Once the line containing "add(f2_tool79_1.part, mode=Mode.SUBTRACT)" is found in the entries below, restate it and each following line word for word, stopping after the line containing "# F2_s97 → F2_t98 (new body)".

_Records supplied_:

◆ ◆ ◆ ◆ ◆

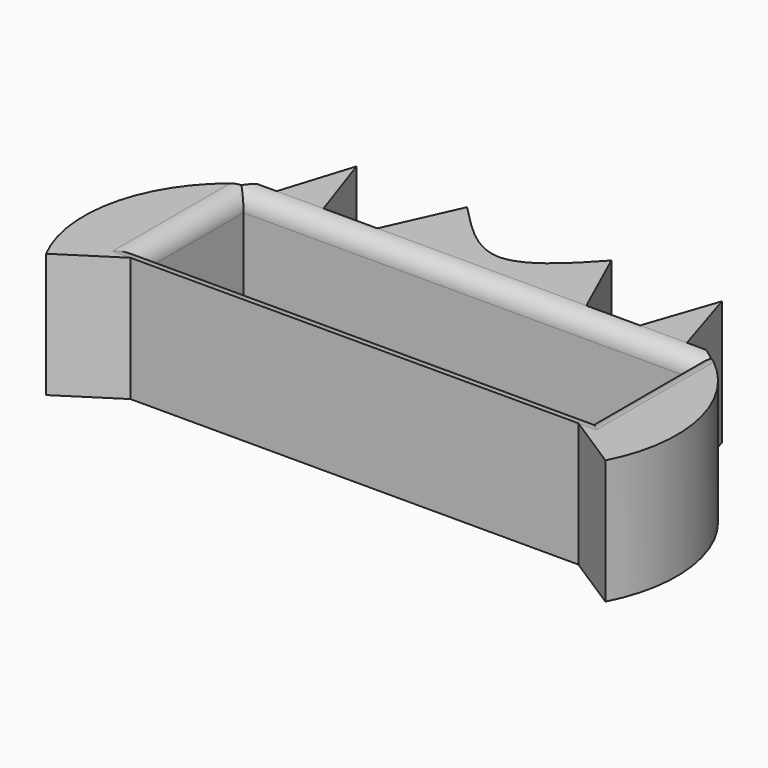
from build123d import *

# Parameters (mm, degrees)
F0_W          = 90
F0_H          = 3.590326354
F1_DEPTH      = 25
F2_T1_DEPTH   = 90
F2_T3_DEPTH   = 24.819347292
F2_T9_DEPTH   = 33.794347292
F2_S10_R      = 29.5790540859
F2_T11_DEPTH  = 19
F2_T15_DEPTH  = 98.975
F2_S16_R      = 29.5790540859
F2_T17_DEPTH  = 51
F2_T24_DEPTH  = 33.794347292
F2_S25_R      = 29.5790540859
F2_T26_DEPTH  = 19
F2_T30_DEPTH  = 98.975
F2_S31_R      = 29.5790540859
F2_T32_DEPTH  = 51
F2_T39_DEPTH  = 33.794347292
F2_S40_R      = 29.5790540859
F2_T41_DEPTH  = 19
F2_T45_DEPTH  = 98.975
F2_S46_R      = 29.5790540859
F2_T47_DEPTH  = 51
F2_T54_DEPTH  = 33.794347292
F2_S55_R      = 29.5790540859
F2_T56_DEPTH  = 19
F2_T60_DEPTH  = 98.975
F2_S61_R      = 29.5790540859
F2_T62_DEPTH  = 51
F2_T69_DEPTH  = 33.794347292
F2_T74_DEPTH  = 98.975
F2_T81_DEPTH  = 98.975
F2_T85_DEPTH  = 33.794347292
F2_T93_DEPTH  = 33.794347292
F2_T98_DEPTH  = 98.975
F2_T105_DEPTH = 98.975
F2_T109_DEPTH = 33.794347292


# Not quite as in the source:
# - a fillet or chamfer that OpenCascade refuses, or shapes differently, is made with other operations: its cross-section is extruded or revolved along the edge and cut away or added
# - a feature names something its author has since deleted; it is built from what else it names


with BuildPart() as f1:
    # F0 (on Top) → F1 (new body)
    with BuildSketch(Plane.XY):
        with BuildLine():
            Line((-56.193638593, -23.2007224411), (-45, -16))
            Line((-45, -16), (-45, -12.409673646))
            Line((-45, -12.409673646), (-45, 12.409673646))
            Line((-45, 12.409673646), (-45, 16))
            ThreePointArc((-45, 16), (-58.4287061492, -1.3639914429), (-56.193638593, -23.2007224411))
        make_face()
        with Locations((0, -14.204836823)):
            Rectangle(F0_W, F0_H)
        with BuildLine():
            Line((-21, 16), (21, 16))
            Line((21, 16), (14.5, 30.4228551942))
            add(Edge.make_bspline(
                [(-14.5, 30.4228551942), (-10.8359592966, 26.8576538948), (-0.1359775646, 13.802028979), (11.1079144259, 26.8256423781), (14.5, 30.4228551942)],
                knots=[0, 0, 0, 0, 0.5, 1, 1, 1, 1], degree=3))
            Line((-14.5, 30.4228551942), (-21, 16))
        make_face()
        with BuildLine():
            Line((45, -12.409673646), (45, -16))
            Line((45, -16), (56.193638593, -23.2007224411))
            ThreePointArc((56.193638593, -23.2007224411), (58.4287061492, -1.3639914429), (45, 16))
            Line((45, 16), (45, 12.409673646))
            Line((45, 12.409673646), (45, -12.409673646))
        make_face()
        Polygon((-36.7079592892, 30.4228551942), (-41.2157252431, 16), (-31.8110659719, 16), align=None)
        Polygon((31.8110659719, 16), (41.2157252431, 16), (36.7079592892, 30.4228551942), align=None)
        Polygon((-45, 12.409673646), (45, 12.409673646), (45, 16), (41.2157252431, 16), (31.8110659719, 16), (21, 16), (-21, 16), (-31.8110659719, 16), (-41.2157252431, 16), (-45, 16), align=None)
    extrude(amount=F1_DEPTH)

    # F2: fillet of radius 3.59 on 8 edges, made by hand

    # F2_s2 → F2_t1 (cut)
    with BuildSketch(Plane.YZ.offset(-45)):
        with BuildLine():
            ThreePointArc((12.409673646, 21.41), (13.4611603015, 23.9485133445), (15.999673646, 25))
            Line((15.999673646, 25), (12.409673646, 25))
            Line((12.409673646, 25), (12.409673646, 21.41))
        make_face()
        with BuildLine():
            ThreePointArc((12.409673646, 3.59), (13.4611603015, 1.0514866555), (15.999673646, 0))
            Line((15.999673646, 0), (12.409673646, 0))
            Line((12.409673646, 0), (12.409673646, 3.59))
        make_face()
        with BuildLine():
            ThreePointArc((-12.409673646, 3.59), (-13.4611603015, 1.0514866555), (-15.999673646, 0))
            Line((-15.999673646, 0), (-12.409673646, 0))
            Line((-12.409673646, 0), (-12.409673646, 3.59))
        make_face()
        with BuildLine():
            ThreePointArc((-12.409673646, 21.41), (-13.4611603015, 23.9485133445), (-15.999673646, 25))
            Line((-15.999673646, 25), (-12.409673646, 25))
            Line((-12.409673646, 25), (-12.409673646, 21.41))
        make_face()
    extrude(amount=F2_T1_DEPTH, mode=Mode.SUBTRACT)

    # F2_s4 → F2_t3 (cut)
    with BuildSketch(Plane.XZ.offset(-12.409673646)):
        with BuildLine():
            ThreePointArc((-45, 21.41), (-46.0514866555, 23.9485133445), (-48.59, 25))
            Line((-48.59, 25), (-45, 25))
            Line((-45, 25), (-45, 21.41))
        make_face()
        with BuildLine():
            ThreePointArc((-45, 3.59), (-46.0514866555, 1.0514866555), (-48.59, 0))
            Line((-48.59, 0), (-45, 0))
            Line((-45, 0), (-45, 3.59))
        make_face()
        with BuildLine():
            ThreePointArc((45, 21.41), (46.0514866555, 23.9485133445), (48.59, 25))
            Line((48.59, 25), (45, 25))
            Line((45, 25), (45, 21.41))
        make_face()
        with BuildLine():
            ThreePointArc((45, 3.59), (46.0514866555, 1.0514866555), (48.59, 0))
            Line((48.59, 0), (45, 0))
            Line((45, 0), (45, 3.59))
        make_face()
    extrude(amount=F2_T3_DEPTH, mode=Mode.SUBTRACT)


with BuildPart() as f2_tool7:
    # F2_s8 → F2_t9 (new body)
    with BuildSketch(Plane.XZ.offset(12.409673646)):
        with BuildLine():
            ThreePointArc((-45, 21.41), (-46.0514866555, 23.9485133445), (-48.59, 25))
            Line((-48.59, 25), (-45, 25))
            Line((-45, 25), (-45, 21.41))
        make_face()
    extrude(amount=-F2_T9_DEPTH)

    # F2_s10 → F2_t11 (intersect, symmetric)
    with BuildSketch(Plane.XY.offset(23.2)):
        with Locations((-29.9864788785, -9.4855767867)):
            Circle(F2_S10_R)
    extrude(amount=F2_T11_DEPTH, both=True, mode=Mode.INTERSECT)

    split(bisect_by=Plane.XZ.offset(-12.409673646), keep=Keep.BOTTOM)


with BuildPart() as f2_tool13:
    # F2_s14 → F2_t15 (new body)
    with BuildSketch(Plane.YZ.offset(-53.975)):
        with BuildLine():
            ThreePointArc((12.409673646, 21.41), (13.4611603015, 23.9485133445), (15.999673646, 25))
            Line((15.999673646, 25), (12.409673646, 25))
            Line((12.409673646, 25), (12.409673646, 21.41))
        make_face()
    extrude(amount=F2_T15_DEPTH)

    # F2_s16 → F2_t17 (intersect, symmetric)
    with BuildSketch(Plane.XY.offset(23.2)):
        with Locations((-29.9864788785, -9.4855767867)):
            Circle(F2_S16_R)
    extrude(amount=F2_T17_DEPTH, both=True, mode=Mode.INTERSECT)

    split(bisect_by=Plane.YZ.offset(-45), keep=Keep.BOTTOM)


with BuildPart() as f2_tool7_1:
    add(f2_tool7.part)

    # F2_t19: intersect F2_tool13
    add(f2_tool13.part, mode=Mode.INTERSECT)


with BuildPart() as f1_1:
    add(f1.part)

    # F2_t5: cut F2_tool7
    add(f2_tool7_1.part, mode=Mode.SUBTRACT)


with BuildPart() as f2_tool22:
    # F2_s23 → F2_t24 (new body)
    with BuildSketch(Plane.XZ.offset(-21.384673646)):
        with BuildLine():
            ThreePointArc((45, 21.41), (46.0514866555, 23.9485133445), (48.59, 25))
            Line((48.59, 25), (45, 25))
            Line((45, 25), (45, 21.41))
        make_face()
    extrude(amount=F2_T24_DEPTH)

    # F2_s25 → F2_t26 (intersect, symmetric)
    with BuildSketch(Plane.XY.offset(23.2)):
        with Locations((29.9864788785, -9.4855767867)):
            Circle(F2_S25_R)
    extrude(amount=F2_T26_DEPTH, both=True, mode=Mode.INTERSECT)

    split(bisect_by=Plane.XZ.offset(-12.409673646), keep=Keep.BOTTOM)


with BuildPart() as f2_tool28:
    # F2_s29 → F2_t30 (new body)
    with BuildSketch(Plane.YZ.offset(-45)):
        with BuildLine():
            ThreePointArc((12.409673646, 21.41), (13.4611603015, 23.9485133445), (15.999673646, 25))
            Line((15.999673646, 25), (12.409673646, 25))
            Line((12.409673646, 25), (12.409673646, 21.41))
        make_face()
    extrude(amount=F2_T30_DEPTH)

    # F2_s31 → F2_t32 (intersect, symmetric)
    with BuildSketch(Plane.XY.offset(23.2)):
        with Locations((29.9864788785, -9.4855767867)):
            Circle(F2_S31_R)
    extrude(amount=F2_T32_DEPTH, both=True, mode=Mode.INTERSECT)

    split(bisect_by=Plane.YZ.offset(45), keep=Keep.TOP)


with BuildPart() as f2_tool22_1:
    add(f2_tool22.part)

    # F2_t34: intersect F2_tool28
    add(f2_tool28.part, mode=Mode.INTERSECT)


with BuildPart() as f1_2:
    add(f1_1.part)

    # F2_t20: cut F2_tool22
    add(f2_tool22_1.part, mode=Mode.SUBTRACT)


with BuildPart() as f2_tool37:
    # F2_s38 → F2_t39 (new body)
    with BuildSketch(Plane.XZ.offset(12.409673646)):
        with BuildLine():
            ThreePointArc((-45, 3.59), (-46.0514866555, 1.0514866555), (-48.59, 0))
            Line((-48.59, 0), (-45, 0))
            Line((-45, 0), (-45, 3.59))
        make_face()
    extrude(amount=-F2_T39_DEPTH)

    # F2_s40 → F2_t41 (intersect, symmetric)
    with BuildSketch(Plane.XY.offset(1.8)):
        with Locations((-29.9864788785, -9.4855767867)):
            Circle(F2_S40_R)
    extrude(amount=F2_T41_DEPTH, both=True, mode=Mode.INTERSECT)

    split(bisect_by=Plane.XZ.offset(-12.409673646), keep=Keep.BOTTOM)


with BuildPart() as f2_tool43:
    # F2_s44 → F2_t45 (new body)
    with BuildSketch(Plane.YZ.offset(-53.975)):
        with BuildLine():
            ThreePointArc((12.409673646, 3.59), (13.4611603015, 1.0514866555), (15.999673646, 0))
            Line((15.999673646, 0), (12.409673646, 0))
            Line((12.409673646, 0), (12.409673646, 3.59))
        make_face()
    extrude(amount=F2_T45_DEPTH)

    # F2_s46 → F2_t47 (intersect, symmetric)
    with BuildSketch(Plane.XY.offset(1.8)):
        with Locations((-29.9864788785, -9.4855767867)):
            Circle(F2_S46_R)
    extrude(amount=F2_T47_DEPTH, both=True, mode=Mode.INTERSECT)

    split(bisect_by=Plane.YZ.offset(-45), keep=Keep.BOTTOM)


with BuildPart() as f2_tool37_1:
    add(f2_tool37.part)

    # F2_t49: intersect F2_tool43
    add(f2_tool43.part, mode=Mode.INTERSECT)


with BuildPart() as f1_3:
    add(f1_2.part)

    # F2_t35: cut F2_tool37
    add(f2_tool37_1.part, mode=Mode.SUBTRACT)


with BuildPart() as f2_tool52:
    # F2_s53 → F2_t54 (new body)
    with BuildSketch(Plane.XZ.offset(-21.384673646)):
        with BuildLine():
            ThreePointArc((45, 3.59), (46.0514866555, 1.0514866555), (48.59, 0))
            Line((48.59, 0), (45, 0))
            Line((45, 0), (45, 3.59))
        make_face()
    extrude(amount=F2_T54_DEPTH)

    # F2_s55 → F2_t56 (intersect, symmetric)
    with BuildSketch(Plane.XY.offset(1.8)):
        with Locations((29.9864788785, -9.4855767867)):
            Circle(F2_S55_R)
    extrude(amount=F2_T56_DEPTH, both=True, mode=Mode.INTERSECT)

    split(bisect_by=Plane.XZ.offset(-12.409673646), keep=Keep.BOTTOM)


with BuildPart() as f2_tool58:
    # F2_s59 → F2_t60 (new body)
    with BuildSketch(Plane.YZ.offset(-45)):
        with BuildLine():
            ThreePointArc((12.409673646, 3.59), (13.4611603015, 1.0514866555), (15.999673646, 0))
            Line((15.999673646, 0), (12.409673646, 0))
            Line((12.409673646, 0), (12.409673646, 3.59))
        make_face()
    extrude(amount=F2_T60_DEPTH)

    # F2_s61 → F2_t62 (intersect, symmetric)
    with BuildSketch(Plane.XY.offset(1.8)):
        with Locations((29.9864788785, -9.4855767867)):
            Circle(F2_S61_R)
    extrude(amount=F2_T62_DEPTH, both=True, mode=Mode.INTERSECT)

    split(bisect_by=Plane.YZ.offset(45), keep=Keep.TOP)


with BuildPart() as f2_tool52_1:
    add(f2_tool52.part)

    # F2_t64: intersect F2_tool58
    add(f2_tool58.part, mode=Mode.INTERSECT)


with BuildPart() as f1_4:
    add(f1_3.part)

    # F2_t50: cut F2_tool52
    add(f2_tool52_1.part, mode=Mode.SUBTRACT)


with BuildPart() as f2_tool67:
    # F2_s68 → F2_t69 (new body)
    with BuildSketch(Plane.XZ.offset(-12.409673646)):
        with BuildLine():
            ThreePointArc((45, 3.59), (46.0514866555, 1.0514866555), (48.59, 0))
            Line((48.59, 0), (45, 0))
            Line((45, 0), (45, 3.59))
        make_face()
    extrude(amount=F2_T69_DEPTH)

    split(bisect_by=Plane.XZ.offset(16), keep=Keep.BOTTOM)

    split(bisect_by=Plane.XZ.offset(12.409673646), keep=Keep.TOP)


with BuildPart() as f2_tool72:
    # F2_s73 → F2_t74 (new body)
    with BuildSketch(Plane.YZ.offset(53.975)):
        with BuildLine():
            ThreePointArc((-12.409673646, 3.59), (-13.4611603015, 1.0514866555), (-15.999673646, 0))
            Line((-15.999673646, 0), (-12.409673646, 0))
            Line((-12.409673646, 0), (-12.409673646, 3.59))
        make_face()
    extrude(amount=-F2_T74_DEPTH)

    split(bisect_by=Plane.YZ.offset(45), keep=Keep.TOP)


with BuildPart() as f2_tool67_1:
    add(f2_tool67.part)

    # F2_t76: intersect F2_tool72
    add(f2_tool72.part, mode=Mode.INTERSECT)


with BuildPart() as f1_5:
    add(f1_4.part)

    # F2_t65: cut F2_tool67
    add(f2_tool67_1.part, mode=Mode.SUBTRACT)


with BuildPart() as f2_tool79:
    # F2_s80 → F2_t81 (new body)
    with BuildSketch(Plane.YZ.offset(45)):
        with BuildLine():
            ThreePointArc((-12.409673646, 3.59), (-13.4611603015, 1.0514866555), (-15.999673646, 0))
            Line((-15.999673646, 0), (-12.409673646, 0))
            Line((-12.409673646, 0), (-12.409673646, 3.59))
        make_face()
    extrude(amount=-F2_T81_DEPTH)

    split(bisect_by=Plane.YZ.offset(-45), keep=Keep.BOTTOM)


with BuildPart() as f2_tool83:
    # F2_s84 → F2_t85 (new body)
    with BuildSketch(Plane.XZ.offset(21.384673646)):
        with BuildLine():
            ThreePointArc((-45, 3.59), (-46.0514866555, 1.0514866555), (-48.59, 0))
            Line((-48.59, 0), (-45, 0))
            Line((-45, 0), (-45, 3.59))
        make_face()
    extrude(amount=-F2_T85_DEPTH)

    split(bisect_by=Plane.XZ.offset(16), keep=Keep.BOTTOM)

    split(bisect_by=Plane.XZ.offset(12.409673646), keep=Keep.TOP)


with BuildPart() as f2_tool79_1:
    add(f2_tool79.part)

    # F2_t88: intersect F2_tool83
    add(f2_tool83.part, mode=Mode.INTERSECT)


with BuildPart() as f1_6:
    add(f1_5.part)

    # F2_t77: cut F2_tool79
    add(f2_tool79_1.part, mode=Mode.SUBTRACT)


with BuildPart() as f2_tool91:
    # F2_s92 → F2_t93 (new body)
    with BuildSketch(Plane.XZ.offset(-12.409673646)):
        with BuildLine():
            ThreePointArc((45, 21.41), (46.0514866555, 23.9485133445), (48.59, 25))
            Line((48.59, 25), (45, 25))
            Line((45, 25), (45, 21.41))
        make_face()
    extrude(amount=F2_T93_DEPTH)

    split(bisect_by=Plane.XZ.offset(16), keep=Keep.BOTTOM)

    split(bisect_by=Plane.XZ.offset(12.409673646), keep=Keep.TOP)


with BuildPart() as f2_tool96:
    # F2_s97 → F2_t98 (new body)
    with BuildSketch(Plane.YZ.offset(53.975)):
        with BuildLine():
            ThreePointArc((-12.409673646, 21.41), (-13.4611603015, 23.9485133445), (-15.999673646, 25))
            Line((-15.999673646, 25), (-12.409673646, 25))
            Line((-12.409673646, 25), (-12.409673646, 21.41))
        make_face()
    extrude(amount=-F2_T98_DEPTH)

    split(bisect_by=Plane.YZ.offset(45), keep=Keep.TOP)


with BuildPart() as f2_tool91_1:
    add(f2_tool91.part)

    # F2_t100: intersect F2_tool96
    add(f2_tool96.part, mode=Mode.INTERSECT)


with BuildPart() as f1_7:
    add(f1_6.part)

    # F2_t89: cut F2_tool91
    add(f2_tool91_1.part, mode=Mode.SUBTRACT)


with BuildPart() as f2_tool103:
    # F2_s104 → F2_t105 (new body)
    with BuildSketch(Plane.YZ.offset(45)):
        with BuildLine():
            ThreePointArc((-12.409673646, 21.41), (-13.4611603015, 23.9485133445), (-15.999673646, 25))
            Line((-15.999673646, 25), (-12.409673646, 25))
            Line((-12.409673646, 25), (-12.409673646, 21.41))
        make_face()
    extrude(amount=-F2_T105_DEPTH)

    split(bisect_by=Plane.YZ.offset(-45), keep=Keep.BOTTOM)


with BuildPart() as f2_tool107:
    # F2_s108 → F2_t109 (new body)
    with BuildSketch(Plane.XZ.offset(21.384673646)):
        with BuildLine():
            ThreePointArc((-45, 21.41), (-46.0514866555, 23.9485133445), (-48.59, 25))
            Line((-48.59, 25), (-45, 25))
            Line((-45, 25), (-45, 21.41))
        make_face()
    extrude(amount=-F2_T109_DEPTH)

    split(bisect_by=Plane.XZ.offset(16), keep=Keep.BOTTOM)

    split(bisect_by=Plane.XZ.offset(12.409673646), keep=Keep.TOP)


with BuildPart() as f2_tool103_1:
    add(f2_tool103.part)

    # F2_t112: intersect F2_tool107
    add(f2_tool107.part, mode=Mode.INTERSECT)


with BuildPart() as f1_8:
    add(f1_7.part)

    # F2_t101: cut F2_tool103
    add(f2_tool103_1.part, mode=Mode.SUBTRACT)


solid = f1_8.part

◆ ◆ ◆ ◆ ◆

_Answer to this task_:
    add(f2_tool79_1.part, mode=Mode.SUBTRACT)


with BuildPart() as f2_tool91:
    # F2_s92 → F2_t93 (new body)
    with BuildSketch(Plane.XZ.offset(-12.409673646)):
        with BuildLine():
            ThreePointArc((45, 21.41), (46.0514866555, 23.9485133445), (48.59, 25))
            Line((48.59, 25), (45, 25))
            Line((45, 25), (45, 21.41))
        make_face()
    extrude(amount=F2_T93_DEPTH)

    split(bisect_by=Plane.XZ.offset(16), keep=Keep.BOTTOM)

    split(bisect_by=Plane.XZ.offset(12.409673646), keep=Keep.TOP)


with BuildPart() as f2_tool96:
    # F2_s97 → F2_t98 (new body)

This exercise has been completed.